Chickpea and Spinach Curry
Ingredients
- 1 can 15 oz chickpeas, drained and rinsed
- 3 cups fresh spinach chopped
- 1 can 14 oz diced tomatoes
- 1/2 cup coconut milk or any plant-based milk
- 1 medium onion chopped
- 3 cloves garlic minced
- 1- inch piece of fresh ginger minced
- 1 teaspoon cumin
- 1/2 teaspoon turmeric
- 1/2 teaspoon coriander
- 1/2 teaspoon paprika
- 1/4 teaspoon chili powder optional, for heat
- 2 tablespoons olive oil
- Salt and pepper to taste
- Fresh cilantro optional, for garnish
- Rice or naan for serving
Instructions
- Sauté the aromatics:
- Heat olive oil in a large pan over medium heat. Add the chopped onion and cook for 3-4 minutes, until softened. Add the minced garlic and ginger and cook for another minute, until fragrant.
- Add the spices:
- Stir in the cumin, turmeric, coriander, paprika, and chili powder. Cook for 1-2 minutes, stirring constantly, to toast the spices.
- Simmer the curry:
- Add the diced tomatoes and coconut milk to the pan. Stir everything together and bring to a simmer. Let it cook for 10 minutes, allowing the flavors to meld together.

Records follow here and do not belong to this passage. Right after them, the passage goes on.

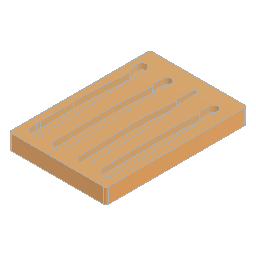
Tweezer-Carrier (Autodesk Fusion 360 design; units mm, degrees)
Autodesk Fusion 360 part; units mm, degrees
(part 1 of 2)
sketch "Sketch1" plane through (0, 0, 35.675) normal (0, 0, 1) x (-1, 0, 0)
  line L0 (-281.1, 293.942) -> (-205.1, 293.942)
  line L1 (-205.1, 293.942) -> (-205.1, 181.942)
  line L2 (-205.1, 181.942) -> (-281.1, 181.942)
  line L3 (-281.1, 181.942) -> (-281.1, 293.942)
  arc A0 (-205.1, 179.942) -> (-203.1, 181.942) centre (-205.1, 181.942) ccw
  line L4 (-203.1, 181.942) -> (-203.1, 293.942)
  arc A1 (-203.1, 293.942) -> (-205.1, 295.942) centre (-205.1, 293.942) ccw
  line L5 (-205.1, 295.942) -> (-281.1, 295.942)
  arc A2 (-281.1, 295.942) -> (-283.1, 293.942) centre (-281.1, 293.942) ccw
  line L6 (-283.1, 293.942) -> (-283.1, 181.942)
  arc A3 (-283.1, 181.942) -> (-281.1, 179.942) centre (-281.1, 181.942) ccw
  line L7 (-281.1, 179.942) -> (-205.1, 179.942)
  line L8 (-283.025, 293.942) -> (-283.025, 181.942)
  arc A4 (-283.025, 181.942) -> (-281.1, 180.017) centre (-281.1, 181.942) ccw
  line L9 (-281.1, 180.017) -> (-205.1, 180.017)
  arc A5 (-205.1, 180.017) -> (-203.175, 181.942) centre (-205.1, 181.942) ccw
  line L10 (-203.175, 181.942) -> (-203.175, 293.942)
  arc A6 (-203.175, 293.942) -> (-205.1, 295.867) centre (-205.1, 293.942) ccw
  line L11 (-205.1, 295.867) -> (-281.1, 295.867)
  arc A7 (-281.1, 295.867) -> (-283.025, 293.942) centre (-281.1, 293.942) ccw
  dimension "d162" = -0.075
extrude "Extrude1" add sketch "Sketch1" along normal blind 12.5 contours L0 L1 L2 L3 | L8 A4 L9 A5 L10 A6 L11 A7
sketch "Sketch2" plane through (0, 0, 48.175) normal (0, 0, 1) x (-1, 0, 0)
  arc A0 (-281.1, 295.867) -> (-283.025, 293.942) centre (-281.1, 293.942) ccw
  line L0 (-283.025, 293.942) -> (-283.025, 181.942)
  arc A1 (-283.025, 181.942) -> (-281.1, 180.017) centre (-281.1, 181.942) ccw
  line L1 (-281.1, 180.017) -> (-205.1, 180.017)
  arc A2 (-205.1, 180.017) -> (-203.175, 181.942) centre (-205.1, 181.942) ccw
  line L2 (-203.175, 181.942) -> (-203.175, 293.942)
  arc A3 (-203.175, 293.942) -> (-205.1, 295.867) centre (-205.1, 293.942) ccw
  line L3 (-205.1, 295.867) -> (-281.1, 295.867)
sketch "Sketch3" plane through (0, 0, 48.175) normal (0, 0, 1) x (-1, 0, 0)
  spline S0 degree 5 poles (-213.5459, 288.1293) (-213.4945, 288.1336) (-213.392, 288.1403) (-213.2392, 288.1448) (-213.0373, 288.1395) (-212.788, 288.1142) (-212.5418, 288.0705) (-212.2989, 288.0088) (-212.0595, 287.93) (-211.8239, 287.8356) (-211.5927, 287.7271) (-211.3661, 287.6064) (-211.1447, 287.475) (-210.929, 287.3345) (-210.7193, 287.1857) (-210.5161, 287.0295) (-210.3201, 286.8663) (-210.132, 286.6964) (-209.9529, 286.5201) (-209.7839, 286.3373) (-209.6265, 286.1478) (-209.4815, 285.9505) (-209.35, 285.7437) (-209.232, 285.5245) (-209.1273, 285.2896) (-209.0354, 285.0362) (-208.9554, 284.763) (-208.8863, 284.4709) (-208.8273, 284.1647) (-208.7775, 283.8515) (-208.7361, 283.5396) (-208.7023, 283.2363) (-208.6754, 282.9464) (-208.6547, 282.6709) (-208.6396, 282.4048) (-208.6295, 282.1406) (-208.6238, 281.8697) (-208.6217, 281.5848) (-208.6227, 281.2826) (-208.6261, 280.9654) (-208.6309, 280.64) (-208.6366, 280.3159) (-208.6424, 280.0035) (-208.6478, 279.713) (-208.6524, 279.4518) (-208.6559, 279.2244) (-208.6578, 279.0713) (-208.6586, 278.9729) (-208.6589, 278.9146) (-208.6591, 278.8873) knots 0 0 0 0 0 0 0.022222 0.044444 0.066667 0.088889 0.111111 0.133333 0.155556 0.177778 0.2 0.222222 0.244444 0.266667 0.288889 0.311111 0.333333 0.355556 0.377778 0.4 0.422222 0.444444 0.466667 0.488889 0.511111 0.533333 0.555556 0.577778 0.6 0.622222 0.644444 0.666667 0.688889 0.711111 0.733333 0.755556 0.777778 0.8 0.822222 0.844444 0.866667 0.888889 0.911111 0.933333 0.955556 0.977778 1 1 1 1 1 1
  spline S1 degree 5 poles (-208.6591, 278.8873) (-208.6588, 278.9046) (-208.6584, 278.9324) (-208.6579, 278.9537) (-208.6576, 278.9414) (-208.6579, 278.8572) (-208.6588, 278.7058) (-208.6603, 278.4928) (-208.6623, 278.2279) (-208.6648, 277.9222) (-208.6676, 277.5876) (-208.6708, 277.2352) (-208.6742, 276.8738) (-208.6778, 276.5093) (-208.6815, 276.1457) (-208.6854, 275.785) (-208.6886, 275.4997) (-208.691, 275.2877) (-208.6927, 275.1471) (-208.6935, 275.0771) knots 0 0 0 0 0 0 0.066667 0.133333 0.2 0.266667 0.333333 0.4 0.466667 0.533333 0.6 0.666667 0.733333 0.8 0.866667 0.933333 1 1 1 1 1 1
  spline S2 degree 5 poles (-208.6935, 275.0771) (-208.6936, 275.0186) (-208.6937, 274.9022) (-208.6943, 274.7292) (-208.6958, 274.5019) (-208.6987, 274.2215) (-208.7025, 273.9399) (-208.7066, 273.6464) (-208.7105, 273.3274) (-208.7137, 272.9745) (-208.7157, 272.59) (-208.717, 272.1953) (-208.7179, 271.82) (-208.7189, 271.4886) (-208.7196, 271.2097) (-208.719, 270.9594) (-208.7155, 270.6952) (-208.7074, 270.3748) (-208.6936, 269.977) (-208.6742, 269.5091) (-208.6496, 268.9944) (-208.6213, 268.4634) (-208.5907, 267.9451) (-208.56, 267.4558) (-208.5313, 266.9953) (-208.5068, 266.5529) (-208.488, 266.1123) (-208.4762, 265.6565) (-208.4715, 265.1727) (-208.4731, 264.6559) (-208.4796, 264.1063) (-208.489, 263.5285) (-208.4994, 262.9299) (-208.5091, 262.3195) (-208.5169, 261.7068) (-208.5219, 261.1003) (-208.5241, 260.5075) (-208.5234, 259.9343) (-208.5201, 259.3837) (-208.5145, 258.8563) (-208.507, 258.3486) (-208.4978, 257.8538) (-208.4873, 257.363) (-208.4756, 256.8669) (-208.463, 256.357) (-208.4498, 255.8268) (-208.4363, 255.2734) (-208.4229, 254.6965) (-208.4099, 254.0975) (-208.3977, 253.4794) (-208.3867, 252.8456) (-208.377, 252.1996) (-208.369, 251.5437) (-208.3628, 250.8798) (-208.3584, 250.2092) (-208.356, 249.5325) (-208.3555, 248.9866) (-208.3561, 248.5747) (-208.3569, 248.299) (-208.3573, 248.1609) knots 0 0 0 0 0 0 0.018182 0.036364 0.054545 0.072727 0.090909 0.109091 0.127273 0.145455 0.163636 0.181818 0.2 0.218182 0.236364 0.254545 0.272727 0.290909 0.309091 0.327273 0.345455 0.363636 0.381818 0.4 0.418182 0.436364 0.454545 0.472727 0.490909 0.509091 0.527273 0.545455 0.563636 0.581818 0.6 0.618182 0.636364 0.654545 0.672727 0.690909 0.709091 0.727273 0.745455 0.763636 0.781818 0.8 0.818182 0.836364 0.854545 0.872727 0.890909 0.909091 0.927273 0.945455 0.963636 0.981818 1 1 1 1 1 1
  spline S3 degree 5 poles (-208.3573, 248.1609) (-208.3602, 248.1208) (-208.3652, 248.0297) (-208.3703, 247.8598) (-208.3725, 247.5669) (-208.3678, 247.0952) (-208.3563, 246.533) (-208.3394, 245.9116) (-208.3191, 245.27) (-208.2977, 244.6446) (-208.2777, 244.0606) (-208.2614, 243.5208) (-208.251, 243.0003) (-208.2479, 242.4607) (-208.2534, 241.8621) (-208.2674, 241.1754) (-208.2891, 240.3959) (-208.3171, 239.54) (-208.3493, 238.6365) (-208.3839, 237.7205) (-208.4195, 236.8259) (-208.4555, 235.979) (-208.4923, 235.1896) (-208.532, 234.4502) (-208.5765, 233.7433) (-208.6279, 233.0464) (-208.6868, 232.339) (-208.7523, 231.6075) (-208.8209, 230.8526) (-208.8872, 230.0861) (-208.9456, 229.3261) (-208.991, 228.5915) (-209.0205, 227.8983) (-209.0343, 227.2537) (-209.0368, 226.6527) (-209.0348, 226.0821) (-209.0354, 225.5244) (-209.0449, 224.9611) (-209.0665, 224.3769) (-209.0999, 223.7617) (-209.143, 223.1093) (-209.1926, 222.4178) (-209.246, 221.6887) (-209.3016, 220.9271) (-209.3597, 220.1406) (-209.4214, 219.3378) (-209.488, 218.5274) (-209.5606, 217.7163) (-209.6393, 216.9087) (-209.7226, 216.1045) (-209.8074, 215.2995) (-209.8899, 214.4882) (-209.9662, 213.6659) (-210.033, 212.8304) (-210.0881, 211.9843) (-210.1314, 211.1375) (-210.1646, 210.3075) (-210.1912, 209.5148) (-210.2149, 208.7791) (-210.2394, 208.1151) (-210.2674, 207.5294) (-210.2999, 207.0151) (-210.3363, 206.5533) (-210.3747, 206.1204) (-210.4135, 205.6932) (-210.4514, 205.2566) (-210.4804, 204.8939) (-210.5014, 204.6132) (-210.515, 204.4223) (-210.5217, 204.3258) knots 0 0 0 0 0 0 0.01538462 0.03076923 0.04615385 0.06153846 0.07692308 0.09230769 0.10769231 0.12307692 0.13846154 0.15384615 0.16923077 0.18461538 0.2 0.21538462 0.23076923 0.24615385 0.26153846 0.27692308 0.29230769 0.30769231 0.32307692 0.33846154 0.35384615 0.36923077 0.38461538 0.4 0.41538462 0.43076923 0.44615385 0.46153846 0.47692308 0.49230769 0.50769231 0.52307692 0.53846154 0.55384615 0.56923077 0.58461538 0.6 0.61538462 0.63076923 0.64615385 0.66153846 0.67692308 0.69230769 0.70769231 0.72307692 0.73846154 0.75384615 0.76923077 0.78461538 0.8 0.81538462 0.83076923 0.84615385 0.86153846 0.87692308 0.89230769 0.90769231 0.92307692 0.93846154 0.95384615 0.96923077 0.98461538 1 1 1 1 1 1
  spline S4 degree 5 poles (-210.5217, 204.3258) (-210.5153, 204.3258) (-210.5025, 204.3257) (-210.4832, 204.3256) (-210.4576, 204.3254) (-210.4255, 204.3252) (-210.3998, 204.325) (-210.3805, 204.3248) (-210.3677, 204.3248) (-210.3613, 204.3247) knots 0 0 0 0 0 0 0.2 0.4 0.6 0.8 1 1 1 1 1 1
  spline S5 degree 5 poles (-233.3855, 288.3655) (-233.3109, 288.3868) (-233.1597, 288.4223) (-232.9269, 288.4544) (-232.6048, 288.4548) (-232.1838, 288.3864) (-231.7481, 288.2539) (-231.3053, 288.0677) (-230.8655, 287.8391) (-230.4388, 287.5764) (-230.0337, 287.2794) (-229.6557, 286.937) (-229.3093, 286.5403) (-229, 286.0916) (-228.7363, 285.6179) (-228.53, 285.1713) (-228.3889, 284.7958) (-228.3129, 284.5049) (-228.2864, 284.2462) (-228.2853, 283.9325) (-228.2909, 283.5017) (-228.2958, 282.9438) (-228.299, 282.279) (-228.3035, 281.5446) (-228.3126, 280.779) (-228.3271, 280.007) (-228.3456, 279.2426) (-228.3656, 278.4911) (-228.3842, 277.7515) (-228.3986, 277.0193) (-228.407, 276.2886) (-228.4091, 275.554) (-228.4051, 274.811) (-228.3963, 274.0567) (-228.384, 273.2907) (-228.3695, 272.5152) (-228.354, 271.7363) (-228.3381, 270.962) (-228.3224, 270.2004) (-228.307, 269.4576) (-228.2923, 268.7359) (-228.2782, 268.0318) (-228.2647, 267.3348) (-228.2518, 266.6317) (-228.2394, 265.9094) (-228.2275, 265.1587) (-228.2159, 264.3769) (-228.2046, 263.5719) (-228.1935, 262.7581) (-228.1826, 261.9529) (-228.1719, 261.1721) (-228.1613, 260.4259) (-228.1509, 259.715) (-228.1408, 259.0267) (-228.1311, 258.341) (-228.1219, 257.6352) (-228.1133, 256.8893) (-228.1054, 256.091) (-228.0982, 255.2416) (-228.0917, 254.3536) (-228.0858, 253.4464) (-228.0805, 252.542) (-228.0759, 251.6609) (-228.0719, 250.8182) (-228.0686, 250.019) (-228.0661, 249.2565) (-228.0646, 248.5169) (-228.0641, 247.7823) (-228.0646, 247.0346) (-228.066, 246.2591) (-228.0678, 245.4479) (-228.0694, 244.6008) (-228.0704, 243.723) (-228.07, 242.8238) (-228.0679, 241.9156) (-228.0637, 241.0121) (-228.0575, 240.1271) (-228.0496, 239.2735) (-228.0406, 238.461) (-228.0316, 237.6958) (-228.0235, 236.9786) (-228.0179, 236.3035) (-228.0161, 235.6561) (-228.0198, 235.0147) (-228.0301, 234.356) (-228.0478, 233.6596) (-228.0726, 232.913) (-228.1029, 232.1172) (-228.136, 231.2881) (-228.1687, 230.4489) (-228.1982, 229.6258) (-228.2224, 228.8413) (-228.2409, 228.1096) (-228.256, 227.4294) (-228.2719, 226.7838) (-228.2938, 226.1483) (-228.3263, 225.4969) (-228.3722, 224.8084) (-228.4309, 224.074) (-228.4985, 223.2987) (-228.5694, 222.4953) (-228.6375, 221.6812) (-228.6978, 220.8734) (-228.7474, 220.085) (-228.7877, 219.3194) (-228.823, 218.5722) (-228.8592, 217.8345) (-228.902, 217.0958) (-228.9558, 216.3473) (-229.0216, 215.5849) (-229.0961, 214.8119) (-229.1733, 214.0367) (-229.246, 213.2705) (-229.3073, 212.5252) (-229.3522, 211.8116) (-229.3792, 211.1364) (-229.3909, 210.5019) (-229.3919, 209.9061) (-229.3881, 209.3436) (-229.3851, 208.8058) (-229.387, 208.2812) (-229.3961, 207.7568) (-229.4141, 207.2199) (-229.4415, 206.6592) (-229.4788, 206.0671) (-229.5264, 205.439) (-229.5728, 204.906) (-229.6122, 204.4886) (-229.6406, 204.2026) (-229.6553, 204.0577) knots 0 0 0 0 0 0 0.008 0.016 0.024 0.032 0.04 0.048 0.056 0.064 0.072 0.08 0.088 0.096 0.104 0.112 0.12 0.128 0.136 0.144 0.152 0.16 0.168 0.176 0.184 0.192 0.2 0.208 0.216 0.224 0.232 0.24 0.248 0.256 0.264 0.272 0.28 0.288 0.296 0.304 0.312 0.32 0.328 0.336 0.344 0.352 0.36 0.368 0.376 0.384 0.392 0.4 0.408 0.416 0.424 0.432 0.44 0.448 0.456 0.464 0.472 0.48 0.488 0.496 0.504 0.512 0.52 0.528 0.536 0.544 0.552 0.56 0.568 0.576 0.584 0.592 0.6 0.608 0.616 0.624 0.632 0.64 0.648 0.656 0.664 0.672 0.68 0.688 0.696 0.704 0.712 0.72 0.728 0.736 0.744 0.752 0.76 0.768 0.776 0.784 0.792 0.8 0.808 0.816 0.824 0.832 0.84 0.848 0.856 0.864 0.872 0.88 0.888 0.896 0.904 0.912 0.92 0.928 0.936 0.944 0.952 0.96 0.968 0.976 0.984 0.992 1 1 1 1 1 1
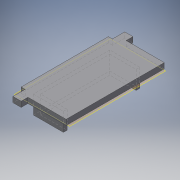
# Autodesk Inventor part: camera_holder
Saved by Autodesk Inventor 2018 (Build 220112000, 112)
## iProperties
Created: 2018-01-12
Part Number: camera_holder
Material: Generic
Document SubType Name: Modeling
Designer: erwin
Density: 1 g/cm^3
Appearance: Default
Author: erwin
Autodesk Inventor part; units mm, degrees
ref_plane "YZ Plane" through (0, 0, 0) normal (1, 0, 0) x (0, 1, 0)
ref_plane "XZ Plane" through (0, 0, 0) normal (0, 1, 0) x (-1, 0, 0)
ref_plane "XY Plane" through (0, 0, 0) normal (0, 0, 1) x (1, 0, 0)
ref_plane "Work Plane1" through (0, 0, 0) normal (0, 0, 1) x (1, 0, 0)
sketch "Sketch1" plane through (0, 0, 0) normal (0, 0, 1) x (1, 0, 0)
  line L0 (0, 0) -> (23.25, 0) projected
  line L1 (0, -48) -> (0, 0) projected
  line L2 (23.25, -48) -> (0, -48) projected
  line L3 (23.25, -48) -> (23.25, -31.5) projected
  line L4 (23.25, -31.5) -> (26.25, -31.5) projected
  line L5 (27.75, -30) -> (26.25, -31.5) projected
  line L6 (27.75, -30) -> (27.75, -18) projected
  line L7 (27.75, -18) -> (26.25, -16.5) projected
  line L8 (23.25, -16.5) -> (26.25, -16.5) projected
  line L9 (23.25, 0) -> (23.25, -16.5) projected
  line L10 (20.25, -16.5) -> (20.25, -3) projected
  line L11 (17.25, -16.5) -> (20.25, -16.5) projected
  line L12 (17.25, -16.5) -> (17.25, -19.5) projected
  line L13 (26.25, -19.5) -> (26.25, -28.5) projected
  line L14 (17.25, -28.5) -> (17.25, -31.5) projected
  line L15 (17.25, -31.5) -> (20.25, -31.5) projected
  line L16 (20.25, -31.5) -> (20.25, -45) projected
  line L17 (3.75, -45) -> (20.25, -45) projected
  line L18 (3.75, -3) -> (3.75, -45) projected
  line L19 (20.25, -3) -> (3.75, -3) projected
  line L20 (17.25, -19.5) -> (17.25, -28.5)
  line L21 (18.25, -33.5) -> (15.25, -33.5)
  line L22 (15.25, -33.5) -> (15.25, -28.5)
  line L23 (15.25, -28.5) -> (15.25, -19.5)
  line L24 (15.25, -19.5) -> (15.25, -14.5)
  line L25 (15.25, -14.5) -> (18.25, -14.5)
  line L26 (20.25, -5) -> (5.75, -5)
  line L27 (5.75, -5) -> (5.75, -43)
  line L28 (5.75, -43) -> (20.25, -43)
  constraints: 18 end point, 2 point on line, 1 vertical, 4 other
extrude "Extrusion1" add sketch "Sketch1" against normal blind 10 contours L26 L27 L28 L16 L17 L18 L19 L10
sketch "Sketch2" plane through (0, 0, 0) normal (0, 0, 1) x (1, 0, 0)
  line L0 (2.25, 0) -> (2.25, 6.75) projected
  line L1 (2.25, 0) -> (3.3, 0) projected
  line L2 (3.3, 0) -> (3.3, 5.7) projected
  line L3 (5.7, 5.7) -> (3.3, 5.7) projected
  line L4 (5.7, 1.95) -> (5.7, 5.7) projected
  line L5 (26.7, 1.95) -> (5.7, 1.95) projected
  line L6 (26.7, 1.95) -> (26.7, -16.95) projected
  line L7 (26.7, -16.95) -> (27.75, -18) projected
  line L8 (27.75, -18) -> (27.75, 3) projected
  line L9 (6.75, 3) -> (27.75, 3) projected
  line L10 (6.75, 3) -> (6.75, 6.75) projected
  line L11 (2.25, 6.75) -> (6.75, 6.75) projected
  line L12 (2.25, -54.75) -> (2.25, -48) projected
  line L13 (2.25, -54.75) -> (6.75, -54.75) projected
  line L14 (6.75, -54.75) -> (6.75, -51) projected
  line L15 (6.75, -51) -> (27.75, -51) projected
  line L16 (27.75, -51) -> (27.75, -30) projected
  line L17 (26.7, -31.05) -> (27.75, -30) projected
  line L18 (26.7, -31.05) -> (26.7, -49.95) projected
  line L19 (26.7, -49.95) -> (5.7, -49.95) projected
  line L20 (5.7, -49.95) -> (5.7, -53.7) projected
  line L21 (3.3, -53.7) -> (5.7, -53.7) projected
  line L22 (3.3, -53.7) -> (3.3, -48) projected
  line L23 (2.25, -48) -> (3.3, -48) projected
  line L24 (0, 0) -> (23.25, 0) projected
  line L25 (0, -48) -> (0, 0) projected
  line L26 (23.25, -48) -> (0, -48) projected
  line L27 (23.25, -48) -> (23.25, -31.5) projected
  line L28 (23.25, -31.5) -> (26.25, -31.5) projected
  line L29 (27.75, -30) -> (26.25, -31.5) projected
  line L30 (27.75, -30) -> (27.75, -18) projected
  line L31 (27.75, -18) -> (26.25, -16.5) projected
  line L32 (23.25, -16.5) -> (26.25, -16.5) projected
  line L33 (23.25, 0) -> (23.25, -16.5) projected
  line L34 (20.25, -16.5) -> (20.25, -3) projected
  line L35 (17.25, -16.5) -> (20.25, -16.5) projected
  line L36 (17.25, -16.5) -> (17.25, -19.5) projected
  line L37 (17.25, -19.5) -> (26.25, -19.5) projected
  line L38 (26.25, -19.5) -> (26.25, -28.5) projected
  line L39 (17.25, -28.5) -> (26.25, -28.5) projected
  line L40 (17.25, -28.5) -> (17.25, -31.5) projected
  line L41 (17.25, -31.5) -> (20.25, -31.5) projected
  line L42 (20.25, -31.5) -> (20.25, -45) projected
  line L43 (3.75, -45) -> (20.25, -45) projected
  line L44 (3.75, -3) -> (3.75, -45) projected
  line L45 (20.25, -3) -> (3.75, -3) projected
extrude "Extrusion2" add sketch "Sketch2" along normal blind 3 contours L0 L11 L10 L9 L8 L7 L6 L5 L4 L3 L2 L1 | L1 L24 L33 L32 L31 L7 L30 L17 L29 L28 L27 L26 L23 L25 | L2 L3 L4 L5 L6 L31 L32 L33 L24 | L23 L22 L21 L20 L19 L18 L17 L16 L15 L14 L13 L12 | L26 L27 L28 L29 L18 L19 L20 L21 L22 | L35 L36 L37 L38 L39 L40 L41 L42 L43 L44 L45 L34
sketch "Sketch3" plane through (0, 0, 0) normal (0, 0, -1) x (-1, 0, 0)
  line L0 (-5.75, -34) -> (-15.75, -34)
  line L1 (-15.75, -34) -> (-15.75, -14)
  line L2 (-15.75, -14) -> (-5.75, -14)
  line L3 (-5.75, -14) -> (-5.75, -34)
  line L4 (-3.75, -45) -> (-3.75, -3) construction
  line L5 (-3.75, -24) -> (-33.6662, -24) construction
  line L6 (-5.75, -5) -> (-5.75, -43) construction
  point P0 (0, 0)
  dimension "d5" = 10
  dimension "d6" = 20
  constraints: 10 end point, 2 horizontal, 2 parallel, 1 collinear, 1 midpoint, 1 perpendicular, 1 other
  measures "d5" distance of L1.end L2.end
  measures "d6" distance of L0.end L1.end
extrude "Extrusion3" cut sketch "Sketch3" against normal through all
sketch "Sketch4" plane through (0, 0, 0) normal (0, 0, -1) x (-1, 0, 0)
  line L0 (-20.25, -5) -> (-5.75, -5) projected
  line L1 (-5.75, -43) -> (-20.25, -43) projected
  line L2 (-5.75, -5) -> (-5.75, -43) projected
  point P0 (0, 0)
  point P1 (-9.75, -9)
  point P2 (-9.75, -39)
  dimension "d9" = 4
  dimension "d10" = 4
  dimension "d11" = 4
  dimension "d12" = 4
  measures "d9" distance from line of L0 point (-9.75, -9)
  measures "d10" distance from line of L1 point (-9.75, -39)
  measures "d11" distance from line of L2 point (-9.75, -39)
  measures "d12" distance from line of L2 point (-9.75, -9)
hole "Hole1" at (9.75, -9, 0) at (9.75, -39, 0) direction (0, 0, 1) diameter 3 end through all
fillet "Fillet1" radius 2 6 edges at (20.25, -4, -10) (20.25, -44, -10) (3.75, -3, -5) (3.75, -45, -5) (5.75, -43, -5) (5.75, -5, -5)
thicken "Thicken1" operation add thickness 0.1 both sides no extend neighbours yes toward (0, 1, 0) faces at (14.75, -45, -3.3333) (4.75, -44.732, -3.3333) (3.75, -17.6667, -3.3333) (4.2839, -3.6397, -3.3333) (14.75, -3, -3.3333)
equation "\"d12\" = d11"
body "Solid1"

- Add the chickpeas and spinach:
- Stir in the chickpeas and chopped spinach. Cook for another 5-7 minutes, until the spinach is wilted and the chickpeas are heated through.
- Season and serve:
- Taste and season with salt and pepper as needed. Garnish with fresh cilantro, if desired, and serve hot with rice or naan on the side!
Notes
- You can use frozen spinach if fresh isn’t available. Just make sure to thaw and drain it first.
- For added protein, you can also add tofu or your choice of beans.